I live in Prince Edward Island, Canada. We have universal health care here. It is reasonable to think that a chronically ill patient would think this was a dream land, compared to the privatized U.S. system. Sadly, I've never been particularly impressed by it.
I see important (previously-seen) doctors approximately once a month (if lucky!). A referral can take up to two years. I have been waiting for a family doctor for two years now.
I can't say that the system hasn't been thorough in their investigations, as I feel like I have had every medical test known to man done! None of these tests have cost me any money, and in this sense I am very lucky. My debt instead comes from the outrageous prices of my medications and the lack of government help regarding the fact that I have never been able to hold down a job.
- Call Social Services and see if anything can be done regarding disability - even if it is only low-income housing!
- Open a joint savings account with Jon to help pay for big purchases/debt.
- Try to raise awareness of those who are considered disabled, yet are falling through the cracks of the system.

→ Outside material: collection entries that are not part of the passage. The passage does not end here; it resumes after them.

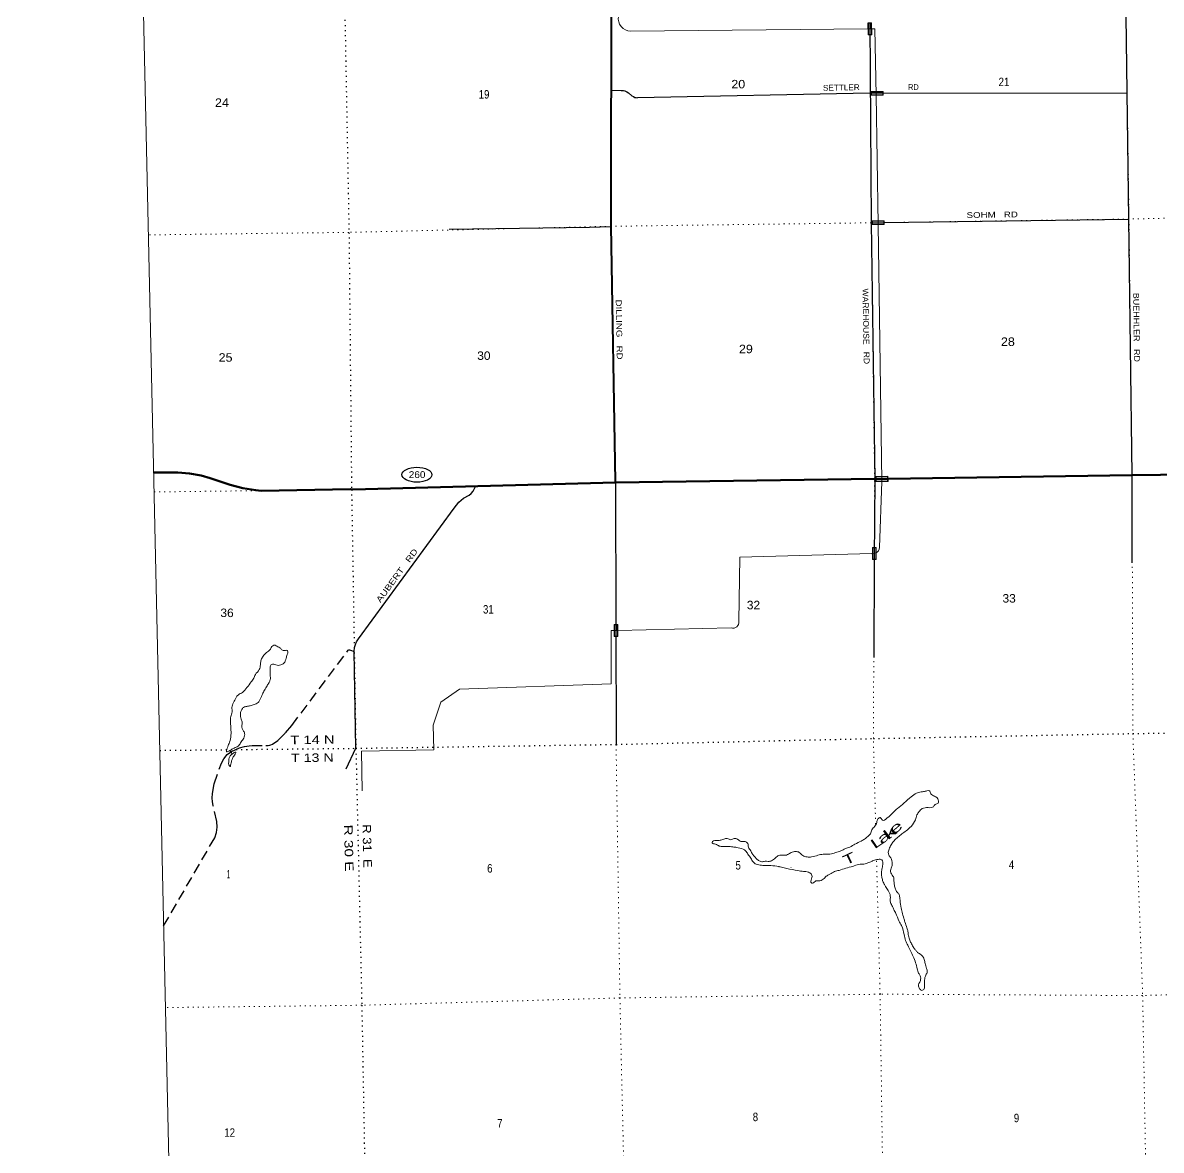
# Model space of a CAD drawing. Header units: feet. Extents: x 501257 to 757852, y -360805 to -170898.
# Drawn here: x 501257 to 524733, y -314379 to -291122 of the extents above; entities that cross this region are included whole.
import ezdxf
from ezdxf.enums import TextEntityAlignment as Align

# ---------------------------------------------------------------- set-up
doc = ezdxf.new("R2010")
doc.units = ezdxf.units.FT
doc.header["$LTSCALE"] = 70
doc.linetypes.add('DOTTED', pattern=[1.5, 0.3, -1.2])
doc.linetypes.add('MEDIUM_DASHED', pattern=[4.5, 3, -1.5])
for name, color, linetype, lineweight in [('17', 7, 'Continuous', 25), ('23', 7, 'Continuous', 70), ('26', 7, 'Continuous', 40), ('27', 7, 'Continuous', 13), ('29', 7, 'Continuous', 25), ('30', 7, 'Continuous', 25), ('31', 7, 'Continuous', 13), ('39', 7, 'Continuous', 13), ('4', 7, 'Continuous', 13), ('59', 7, 'Continuous', 13), ('6', 7, 'DOTTED', 25), ('7', 7, 'DOTTED', 13)]:
    doc.layers.add(name, color=color, linetype=linetype, lineweight=lineweight)
doc.layers.add('41', color=7, linetype='Continuous')

msp = doc.modelspace()

# ---------------------------------------------------------------- linework, layer by layer
at = {"layer": '17'}
msp.add_ellipse((509385.16, -300444.26), major_axis=(-309.24, 1), ratio=0.500121, dxfattribs=at)
at = {"layer": '23'}
for points in [[(513483, -300608.05), (508062, -300748.4), (508037, -300749.05), (508012, -300746.1), (506171.58, -300775.3), (506062.08, -300766.33), (505795.28, -300724.55), (505534.31, -300655.12), (505118.22, -300516.35), (504937.69, -300464.2), (504697.02, -300418.25), (504452.87, -300397.71), (503955.82, -300399.62)], [(513483, -300608.05), (518824, -300532.05), (519099.47, -300527.95), (524131, -300453.05), (529420, -300392.05)]]:
    msp.add_lwpolyline(points, dxfattribs=at)
at = {"layer": '26'}
msp.add_lwpolyline([(513483, -300608.05), (513482.55, -300583.05), (513388, -295320.05), (513398.56, -290023.62), (513393.56, -289729.36)], dxfattribs=at)
at = {"layer": '29'}
for p, q in [((524040.41, -292582.37), (519002.18, -292576.9)), ((508177, -303831.02), (510149.69, -301133.61)), ((518816.35, -302196.71), (518807.01, -304216.68))]:
    msp.add_line(p, q, dxfattribs=at)
for points in [[(524130.57, -302263.32), (524131, -300453.05), (524068, -295171.05), (523993, -289927.05), (523966, -284496.05)], [(518724.34, -291120.54), (518753, -295248.05), (518824, -300541.05), (518816.35, -302196.71)], [(513393.76, -292513.43), (513597.33, -292516.38), (513643.4, -292521.91), (513674.73, -292529.29), (513713.43, -292544.04), (513746.6, -292564.32), (513816.63, -292627.01), (513847.96, -292645.45), (513881.13, -292660.2), (513905.09, -292663.88), (513930.94, -292667.36)], [(519002.18, -292576.9), (518723.35, -292576.6), (513930.94, -292667.36)], [(510050.55, -295376.93), (512941.27, -295340.58), (513389.56, -295322.46)], [(518753, -295248.05), (519020.94, -295244.17), (524068, -295171.05)], [(510149.69, -301133.61), (510249.84, -301011.62), (510294.07, -300967.37), (510345.67, -300930.49), (510459.92, -300864.12), (510502.31, -300829.09), (510542.85, -300784.83), (510566.81, -300744.27), (510590.77, -300687.11)], [(513483, -300608.05), (513487.87, -303532.21), (513492, -306007.05)], [(508088.49, -304090.49), (508096.49, -304006.85), (508114.92, -303944.16), (508138.88, -303894.38), (508177, -303831.02)], [(507929.11, -306512.25), (508126, -306088.05), (508088.49, -304090.49)]]:
    msp.add_lwpolyline(points, dxfattribs=at)
at = {"layer": '29', "linetype": 'MEDIUM_DASHED'}
msp.add_lwpolyline([(504161.67, -309751.53), (505215.34, -307932.47), (505255.2, -307826.29), (505268.24, -307716.79), (505260.27, -307598.3), (505184.46, -307273.55), (505170.09, -307186.84), (505164.51, -307119.83), (505168.22, -307018.47), (505205.26, -306819.05), (505352.87, -306393.82), (505400.31, -306304.46), (505470.08, -306217.9), (505559.37, -306153.67), (505726.81, -306078.28), (505830.06, -306050.36), (505925.9, -306036.92), (505986.34, -306030.81), (506270.33, -306030.95), (506314.24, -306029.42), (506350.52, -306022.43), (506375.63, -306014.06), (506404.93, -306000.09), (506516.4, -305923.6), (506674.22, -305765.54), (506805.56, -305616.77), (507967, -304065.77), (507980.92, -304059.42), (507992.09, -304058.02), (508017.2, -304063.61), (508088.49, -304090.49)], dxfattribs=at)
at = {"layer": '31'}
for p, q in [((518687.43, -291372.84), (518686.03, -291122.84)), ((518686.92, -291122.84), (518761.92, -291122.42)), ((518761.92, -291123.32), (518763.32, -291373.32)), ((518762.42, -291372.42), (518687.42, -291372.84)), ((518752.27, -292539.99), (519002.26, -292539.7)), ((519002.26, -292539.7), (519002.35, -292614.7)), ((518770.46, -295285.88), (518769.25, -295210.89)), ((519020.43, -295281.83), (518770.46, -295285.88)), ((518853.33, -301946.78), (518852.83, -302196.78)), ((518852.83, -302196.78), (518777.83, -302196.62)), ((513450.33, -303532.45), (513525.33, -303532.33)), ((513450.73, -303782.45), (513450.33, -303532.45))]:
    msp.add_line(p, q, dxfattribs=at)
for points in [[(518695.38, -291364.8), (518694.06, -291130.79), (518753.96, -291130.45), (518755.27, -291364.46)], [(518760.34, -292606.98), (518760.27, -292547.97), (518994.27, -292547.7), (518994.34, -292606.71)], [(518778.32, -295277.75), (518777.37, -295218.75), (519011.35, -295214.96), (519012.3, -295273.96)], [(518785.84, -302188.64), (518786.3, -301954.63), (518845.31, -301954.75), (518844.85, -302188.76)], [(513458.71, -303774.44), (513458.33, -303540.43), (513517.34, -303540.33), (513517.72, -303774.34)]]:
    msp.add_lwpolyline(points, close=True, dxfattribs=at)
for points in [[(519002.35, -292614.7), (518752.36, -292614.99), (518752.27, -292539.99)], [(518769.25, -295210.89), (519019.22, -295206.84), (519020.43, -295281.83)], [(518777.83, -302196.62), (518778.33, -301946.62), (518853.33, -301946.78)], [(513525.33, -303532.33), (513525.73, -303782.33), (513450.73, -303782.45)]]:
    msp.add_lwpolyline(points, dxfattribs=at)
at = {"layer": '39'}
for p, q in [((518830.21, -291245.04), (518851.72, -292616.13)), ((518973.73, -300583.18), (518923, -301948.51)), ((518778.83, -302073.99), (518851.79, -302058.62)), ((515864.18, -303605.35), (513524.78, -303654.95)), ((517099.38, -308549.66), (517098.13, -308549.79))]:
    msp.add_line(p, q, dxfattribs=at)
for points in [[(513790.55, -291295.58), (518684.12, -291246.51), (518830.21, -291245.04)], [(518851.72, -292616.13), (518893.56, -295283.17), (518973.73, -300583.18)], [(518767.32, -302072.51), (516043.44, -302143.04), (516025.03, -303470.58)], [(513524.78, -303654.95), (513391.59, -303657.77), (513389.31, -304758.02), (510263.38, -304868.8), (509879.36, -305138.35), (509718.43, -305611.04)], [(509718.43, -305611.04), (509732.38, -306119.93), (508238.88, -306149.43), (508254.61, -306967.2)]]:
    msp.add_lwpolyline(points, dxfattribs=at)
for centre, radius, start, end in [((513798.03, -291033.65), 262.03, 170.82486, 268.36422), ((518789.15, -301940.03), 134.36, 260.64326, 265.59418), ((518788.91, -301939.89), 134.36, 297.90728, 356.32334), ((515898.99, -303483.52), 126.71, 254.05546, 5.86118)]:
    msp.add_arc(centre, radius, start, end, dxfattribs=at)
for points in [[(505526.87, -306135.48), (505482.21, -306155.54), (505466.2, -306163.74), (505473.48, -306085.22), (505510.77, -305990.32), (505545.66, -305855.2), (505550.32, -305714.36), (505543.08, -305591.73), (505542.04, -305485.13), (505547.56, -305432.78), (505574.8, -305337.97), (505569.89, -305247.5), (505603.08, -305144.59), (505656.39, -305041.48), (505696.11, -304988.79), (505790.12, -304933.55), (505879.68, -304834.11), (505969.07, -304718.57), (506018.64, -304643.66), (506054.1, -304566.88), (506133.53, -304461.5), (506158.74, -304364.7), (506167.99, -304282.14), (506201.44, -304205.37), (506267.07, -304128.29), (506338.94, -304071.26), (506382.6, -304010.48), (506410.39, -303971.99), (506462.59, -303961.42), (506497.01, -303983.21), (506539.45, -304002.9), (506571.85, -304024.71), (506612.46, -304062.53), (506674.87, -304067.95), (506709.07, -304067.61), (506721.44, -304097.66), (506711.93, -304154.08), (506686.51, -304228.75), (506670.95, -304283.21), (506639.25, -304333.81), (506577.21, -304366.61), (506520.98, -304377.22), (506478.62, -304365.57), (506434.25, -304353.94), (506381.99, -304358.47), (506358.56, -304431.12), (506357.39, -304517.62), (506355.99, -304579.99), (506364.49, -304626.17), (506358.91, -304672.49), (506335.34, -304731.06), (506293.75, -304797.84), (506242.35, -304890.88), (506198.89, -304971.77), (506155.61, -305072.77), (506123.96, -305127.39), (506050.03, -305178.4), (505967.79, -305203.35), (505891.52, -305222.21), (505827.27, -305234.91), (505775.46, -305285.71), (505749.92, -305348.31), (505746.71, -305430.81), (505761.34, -305486.99), (505782.14, -305557.19), (505772.76, -305625.67), (505779.34, -305681.93), (505812.04, -305733.9), (505832.86, -305806.11), (505801.58, -305898.95), (505750.01, -305973.88), (505698.38, -306042.78), (505614.29, -306083.84), (505552.26, -306118.64), (505526.87, -306135.48)], [(505573.27, -306208.95), (505601.21, -306186.55), (505649.29, -306165.96), (505635.64, -306210.35), (505586.06, -306283.25), (505564.59, -306349.84), (505543.33, -306438.55), (505537.55, -306464.76), (505519.3, -306450.86), (505502.72, -306400.74), (505504.12, -306338.37), (505505.86, -306310.19), (505525.48, -306259.71), (505547.31, -306229.32), (505573.27, -306208.95)], [(505526.87, -306135.48), (505567.09, -306194.93), (505573.88, -306208.46)], [(516858.98, -308532.02), (516845.45, -308528.5), (516680.05, -308507.62), (516549.2, -308504.16), (516434.32, -308494.35), (516379.67, -308477.32), (516318.44, -308432.29), (516270.7, -308356.83), (516210.67, -308269.55), (516163.09, -308202.13), (516112.19, -308170.96), (515976.65, -308133.41), (515902, -308122.81), (515789.09, -308110.95), (515692.59, -308114.85), (515619.95, -308104.22), (515542.74, -308065.52), (515473.74, -308034.71), (515471.53, -308024.7), (515557.4, -307990.85), (515635.76, -307985.29), (515713.74, -307959.64), (515781.89, -307946.24), (515858.87, -307972.88), (515924.77, -307947.46), (515999.58, -307966.1), (516066.81, -308009.01), (516153.41, -308013.34), (516206.44, -308050.5), (516221.99, -308126.59), (516267.72, -308202.09), (516305.28, -308271.71), (516352.62, -308327.08), (516375.29, -308354.78), (516428.48, -308399.97), (516497.44, -308428.78), (516563.66, -308419.44), (516628.06, -308420.19), (516698.27, -308408.76), (516777.59, -308348.9), (516847.02, -308297.28), (516927.44, -308293.7), (517029.82, -308281.64), (517103.43, -308237.98), (517193.55, -308216.11), (517268.35, -308234.74), (517340.03, -308299.68), (517429.11, -308328.09), (517523.68, -308328.25), (517653.83, -308295.54), (517762.06, -308273.31), (517902.81, -308268.54), (518018.97, -308240.13), (518122.93, -308205.93), (518220.56, -308155.77), (518308.48, -308123.89), (518418.01, -308065.45), (518545.57, -308002.64), (518615.2, -307961.07), (518682.53, -307905.47), (518735.83, -307852.15), (518766.46, -307771.14), (518829.35, -307693.51), (518866.09, -307616.4), (518890.88, -307545.55), (518940.66, -307518.44), (518983.95, -307571.87), (519077.74, -307531.83), (519225.92, -307390.21), (519293.18, -307330.59), (519431.8, -307215.3), (519578.2, -307085.77), (519685.49, -307015.32), (519783.58, -306989.27), (519833.71, -306980.25), (519901.82, -306964.84), (519954.12, -306963.81), (519981.46, -307025.6), (520060.91, -307076.31), (520124.31, -307129.35), (520130.04, -307217.69), (520074.23, -307244.92), (520034.89, -307291.93), (519928.64, -307312.11), (519806.26, -307330.59), (519737.1, -307396.28), (519696.15, -307463.42), (519663.85, -307562.56), (519573.93, -307699.02), (519471.05, -307789.49), (519385.76, -307853.48), (519302.57, -307921.46), (519223.47, -307993.37), (519176.48, -308060.63), (519131.81, -308143.93), (519101.33, -308232.99)], [(519101.33, -308232.99), (519114.52, -308291.03), (519155.91, -308350.53), (519186.32, -308466.53), (519173.67, -308541.17), (519151.28, -308632.07), (519168.3, -308679.99), (519199.33, -308723.61), (519218.13, -308759.42), (519221.11, -308809.63), (519228.69, -308889.89), (519246.45, -308975.99), (519275.89, -309041.75), (519321.14, -309093.14), (519340.6, -309163.12), (519352.83, -309275.46), (519364.36, -309351.63), (519388.73, -309467.75), (519425.41, -309595.69), (519446.96, -309669.66), (519489.55, -309791.45), (519509.12, -309867.46), (519520.84, -309953.68), (519548.81, -310047.62), (519584.4, -310119.29), (519632.33, -310204.8), (519671.51, -310254.29), (519708.57, -310297.79), (519784, -310348.58), (519825.16, -310396.03), (519846.16, -310441.85), (519863.88, -310525.94), (519892, -310627.92), (519907.48, -310699.99), (519880.56, -310764.85), (519852.45, -310871.95), (519852.64, -310986.53), (519836.01, -311063.25), (519786.04, -311080.32), (519765.66, -311066.64), (519738.73, -311026.96), (519726.09, -310997.06), (519766.04, -310877.66), (519762.16, -310781.24), (519730.91, -310725.56), (519701, -310635.68), (519668.43, -310511.68), (519619.61, -310379.95), (519563.14, -310268.48), (519506.54, -310150.97), (519460.35, -310051.36), (519431.88, -309931.3), (519375.98, -309745.43), (519323.84, -309649.95), (519260.47, -309494.39), (519218.62, -309410.77), (519191.35, -309353.01), (519149.53, -309271.4), (519146.78, -309128.72), (519100.44, -309021.07), (519046.51, -308937.69), (519019.4, -308887.96), (518987.79, -308814.2), (518970.19, -308736.14), (518966.09, -308627.66), (518982.4, -308534.86), (518990.6, -308438.21), (518969.48, -308386.35), (518894.9, -308379.77), (518794.77, -308403.85), (518742.94, -308428.99), (518704.99, -308443.8), (518603, -308475.96), (518498.48, -308482.03), (518370.5, -308522.73), (518232.37, -308559.62), (518090.42, -308606.63), (517996.32, -308630.59), (517900.78, -308684.73), (517841.02, -308716.06), (517783.74, -308771.46), (517696.17, -308821.42), (517613.75, -308825.05), (517542.15, -308868.67), (517519.91, -308863.08), (517522.35, -308780.6), (517524.66, -308692.1), (517459.37, -308645.13), (517354.39, -308627.09), (517297.92, -308620.15), (516845.45, -308528.5)]]:
    msp.add_spline(points, degree=3, dxfattribs=at)
at = {"layer": '4'}
msp.add_lwpolyline([(501256.99, -177792.42), (532580.01, -177081.38), (563902.01, -176327.26), (595222.96, -175530.05), (626542.78, -174689.76), (657861.41, -173806.39), (689178.8, -172879.94), (720494.89, -171910.42), (751809.62, -170897.82), (757851.71, -353854.74), (726285.32, -354875.48), (694717.55, -355852.8), (663148.48, -356786.68), (631578.15, -357677.15), (600006.62, -358524.19), (568433.96, -359327.81), (536860.22, -360087.99), (505285.47, -360804.74)], close=True, dxfattribs=at)
at = {"layer": '59'}
for points in [[(518848.07, -300480.44), (519098.04, -300476.47), (519099.71, -300581.46), (518849.74, -300585.43)], [(519090.17, -300484.59), (518856.19, -300488.3), (518857.6, -300577.3), (519091.58, -300573.59)]]:
    msp.add_lwpolyline(points, close=True, dxfattribs=at)
at = {"layer": '6'}
for points in [[(507662.04, -281276.22), (507729, -284803.05), (507883, -290119.05), (507984, -295445.05), (508037, -300749.05), (508126, -306088.05), (508248, -311388.05), (508313, -314988.05)], [(504081.96, -306130.22), (508126, -306088.05), (513492, -306007.05), (518797, -305886.05), (524148, -305783.05), (529517, -305715.05), (534838, -305576.05), (535584.93, -305560.9)]]:
    msp.add_lwpolyline(points, dxfattribs=at)
at = {"layer": '7'}
for points in [[(523662.19, -268871.1), (523846, -273842.05), (523953, -279218.05), (523966, -284496.05), (523993, -289927.05), (524068, -295171.05), (524131, -300453.05), (524148, -305783.05), (524350, -311188.05), (524411.2, -314623.8)], [(513398.76, -289978.61), (513399, -289990.05), (513388, -295320.05), (513483, -300608.05), (513487.87, -303532.21)], [(518816.87, -301946.71), (518824, -300532.05), (518753, -295248.05), (518726.08, -291370.32)], [(535335.23, -294884.96), (534795, -294875.05), (529417, -295046.05), (524068, -295171.05), (519019.96, -295244.18)], [(518769.71, -295247.81), (518753, -295248.05), (513388, -295320.05), (507984, -295445.05), (503847.93, -295497.91)], [(519098.32, -300527.97), (524131, -300453.05), (529420, -300392.05), (534697, -300229.05), (535460.42, -300237.4)], [(503964.65, -300800.42), (508037, -300749.05), (513483, -300608.05), (518824, -300532.05), (518849.86, -300531.67)], [(518843.5, -307650.52), (518797, -305886.05), (518815.61, -302196.71)], [(513488.29, -303781.82), (513492, -306007.05), (513571, -311237.05), (513652.28, -314863.7)], [(518987.24, -314745.52), (518936, -311160.05), (518862.7, -308379.05)], [(535706.7, -310767.72), (534839, -310795.05), (529572, -311035.05), (524350, -311188.05), (518936, -311160.05), (513571, -311237.05), (508248, -311388.05), (504198.75, -311436.12)]]:
    msp.add_lwpolyline(points, dxfattribs=at)

# ---------------------------------------------------------------- texts
at = {"layer": '17', "width": 1.1}
msp.add_text('260', height=140, dxfattribs=at).set_placement((509388.61, -300512.57), align=Align.CENTER)
at = {"layer": '27', "width": 1.25}
msp.add_text('DILLING   RD', height=120, rotation=271.029, dxfattribs=at).set_placement((513485.2, -296833.58))
at = {"layer": '30'}
for s, rotation, width, p in [('SETTLER', 1.085, 1.05, (517757.73, -292524.87)), ('RD', 359.938, 0.8, (519511.7, -292507.45)), ('SOHM   RD', 0.83, 1.25, (520719.06, -295149.93)), ('WAREHOUSE   RD', 271.029, 1.1, (518572.35, -296604.9)), ('BUEHHLER   RD', 270.683, 1.15, (524156.16, -296692.93)), ('AUBERT   RD', 53.821, 1.3, (508630.78, -303091.95))]:
    msp.add_text(s, height=120, rotation=rotation, dxfattribs=dict(at, width=width)).set_placement(p)
at = {"layer": '41'}
for s, rotation, width, p in [('k', 37.535, 1.95, (519095.82, -307987)), ('e', 40.191, 1.85, (519215.54, -307886.45)), ('L', 34.19, 1.7, (518821.33, -308173.49)), ('a', 35.982, 1.8, (518962.33, -308079.79)), ('T', 25.296, 1.55, (518225.64, -308506.04))]:
    msp.add_text(s, height=200, rotation=rotation, dxfattribs=dict(at, width=width)).set_placement(p)
at = {"layer": '6'}
for s, rotation, width, p in [('T 14 N', 0.597, 1.3, (506774.75, -306004.55)), ('T 13 N', 0.597, 1.25, (506790.73, -306374.08)), ('R 30 E', 271.319, 1.35, (507882.02, -307664.07)), ('R 31  E', 271.319, 1.15, (508262.12, -307656.03))]:
    msp.add_text(s, height=175, rotation=rotation, dxfattribs=dict(at, width=width)).set_placement(p)
at = {"layer": '7'}
for s, width, p in [('21', 0.85, (521379.08, -292429.63)), ('19', 0.85, (510658.46, -292685.62)), ('20', 1.1, (515867.68, -292475.84)), ('24', 1.1, (505220.74, -292856.86)), ('28', 1.1, (521428.06, -297788.05)), ('30', 1.05, (510628.59, -298076)), ('29', 1.1, (516025.66, -297938.29)), ('25', 1.1, (505295.89, -298113.81)), ('32', 1.05, (516188.33, -303220.6)), ('33', 1.05, (521460.6, -303082.53)), ('36', 1.05, (505332.81, -303380.6)), ('31', 0.85, (510747.24, -303308.57)), ('6', 0.85, (510832.61, -308651.59)), ('5', 0.85, (515953.88, -308588.67)), ('4', 0.85, (521589.64, -308577.09)), ('8', 0.85, (516310.12, -313779.08)), ('9', 0.85, (521693.51, -313800.94)), ('7', 0.85, (511039.83, -313911.2)), ('12', 0.85, (505412.39, -314101.55))]:
    msp.add_text(s, height=175, dxfattribs=dict(at, width=width)).set_placement(p)
at = {"layer": '7', "width": 0.4}
msp.add_text('1', height=175, rotation=0.003, dxfattribs=at).set_placement((505467.44, -308770.17))

doc.saveas('drawing.dxf')

I am not impressed by the fact that throughout my years of investigations I was labeled as an over-dramatic and crazy patient for the reactions I had to both medications and situations. Not a health care strong point.
However, I now appear to be properly diagnosed and I am being reasonably managed by the doctors in my life. The problem with small centers is that they always seem behind the times - even in the case of medical knowledge. It has been 11 years, but I can just now say I'm beginning to make real progress, even though I feel more than ever to be falling apart. The mental healing process has started. The unknown has the ability to do horrible things to the psyche.
What was your experience with being diagnosed??